I have finally finished 95% of the new Vape King with the less is more philosophy. The old website felt cluttered and over animated.. This is straight to the core now.. I think it looks a whole lot better.

Please let me know what you think

http://www.vapeking.co.za/

Reactions: Agree 2


----------



## deepest (6/6/15)

Site looks great much better than before.


----------



## Matt (6/6/15)

Looks allot better indeed easier to browse also now. 

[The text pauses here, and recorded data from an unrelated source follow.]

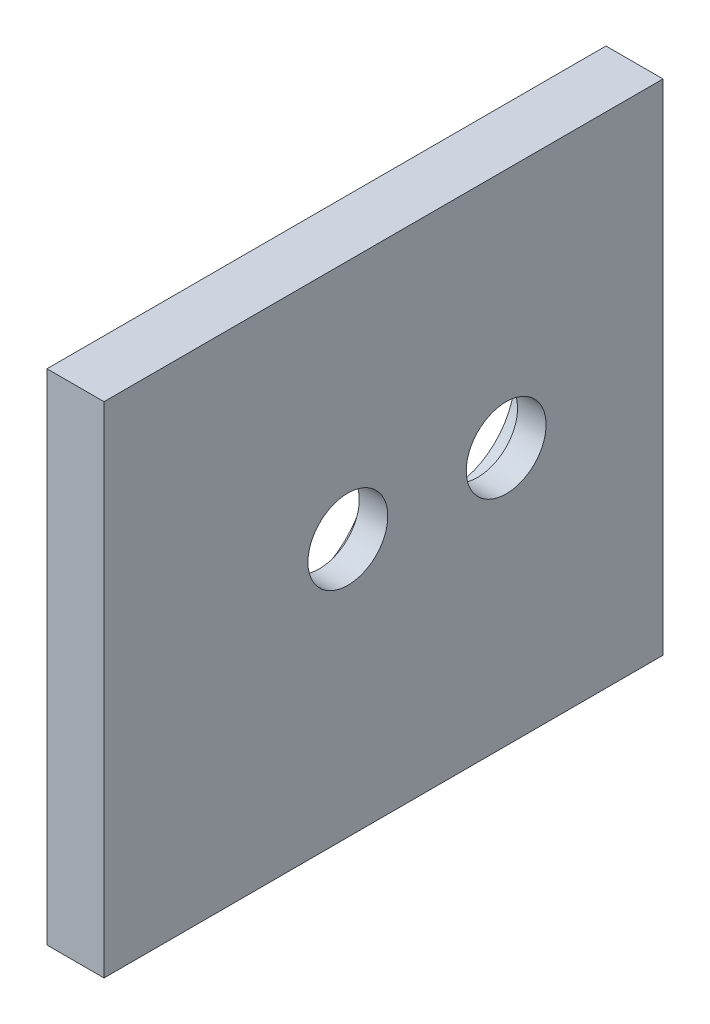
SolidWorks part; units mm, degrees
ref_plane "Front Plane" through (0, 0, 0) normal (0, 0, 1) x (1, 0, 0)
ref_plane "Top Plane" through (0, 0, 0) normal (0, 1, 0) x (1, 0, 0)
ref_plane "Right Plane" through (0, 0, 0) normal (1, 0, 0) x (0, 0, -1)
sketch "Sketch1" plane through (114, 0, 0) normal (0, 1, 0) x (1, 0, 0)
  line L0 (-104, 0) -> (-114, 0) construction
  line L1 (-124, 98) -> (-104, 98)
  line L2 (-124, 98) -> (-124, -98)
  line L3 (-124, -98) -> (-104, -98)
  line L4 (-104, 98) -> (-104, -98)
  line L5 (-114, -96.25) -> (-114, 96.25) construction
  point P9 (-114, -98)
  dimension "D1" = 20
  dimension "D2" = 196
extrude "Boss-Extrude1" add sketch "Sketch1" along normal blind 175
sketch "Sketch2" plane through (-10, 0, 0) normal (-1, 0, 0) x (0, 0, 1)
  line L2 (0, -11) -> (0, 11) construction
  line L3 (0, -96.25) -> (0, 96.25) construction
  line L4 (98, 175) -> (98, 0) construction
  line L5 (-98, 0) -> (98, 0) construction
  line L6 (-98, 175) -> (-98, 0) construction
  circle A1 centre (12.5, 90.5) radius 27.5
  circle A2 centre (-43, 90.5) radius 23
  point P4 (0, 0)
  dimension "D1" = 55
  dimension "D2" = 46
  dimension "D5" = 58
  dimension "D6" = 63
  dimension "D7" = 90.5
  dimension "D8" = 32
  dimension "D3" = 12.5
  dimension "D4" = 43
extrude "Cut-Extrude1" cut sketch "Sketch2" against normal blind 10
sketch "Sketch3" plane through (0, 0, 0) normal (-1, 0, 0) x (0, 0, 1)
  circle A0 centre (12.5, 90.5) radius 14
  circle A1 centre (-43, 90.5) radius 14
  circle A2 centre (-43, 90.5) radius 23 construction
  circle A3 centre (12.5, 90.5) radius 27.5 construction
  dimension "D1" = 28
extrude "Cut-Extrude2" cut sketch "Sketch3" against normal through all

The one thing i don't like about the website is that every nic option has its own link. Especially on a mobile phone with long juice names i dont see how many nic a juice has. This mean i have to open ever link to get the correct option. With other vendors you open the link and choose the nic option from there. 
With all the brands and flavours you stock now and going to be added it creates more effort for the customer. Then again i can see the plus side of it browsing on a laptop.

Reactions: Agree 3


----------



## Ollie (6/6/15)

Looking good @Gizmo


----------



## Gizmo (6/6/15)

Matt said:


> Looks allot better indeed easier to browse also now.
> 
> The one thing i don't like about the website is that every nic option has its own link. Especially on a mobile phone with long juice names i dont see how many nic a juice has. This mean i have to open ever link to get the correct option. With other vendors you open the link and choose the nic option from there.
> With all the brands and flavours you stock now and going to be added it creates more effort for the customer. Then again i can see the plus side of it browsing on a laptop.



I will have this changed!

Reactions: Like 2


----------



## Silver (6/6/15)

Looks good on the iPad @Gizmo


----------



## Rob Fisher (6/6/15)

It's really nice... really happy the different nics on the juice is going to be fixed... also the different colors of mods same story.

I'm also ecstatic that you took away the number catchpa to log in! 

Down the bottom is a link to Brands and Blog - 404.

And the UP button on the bottom right is a better one than we have on the forum... please steal that for the forums.


----------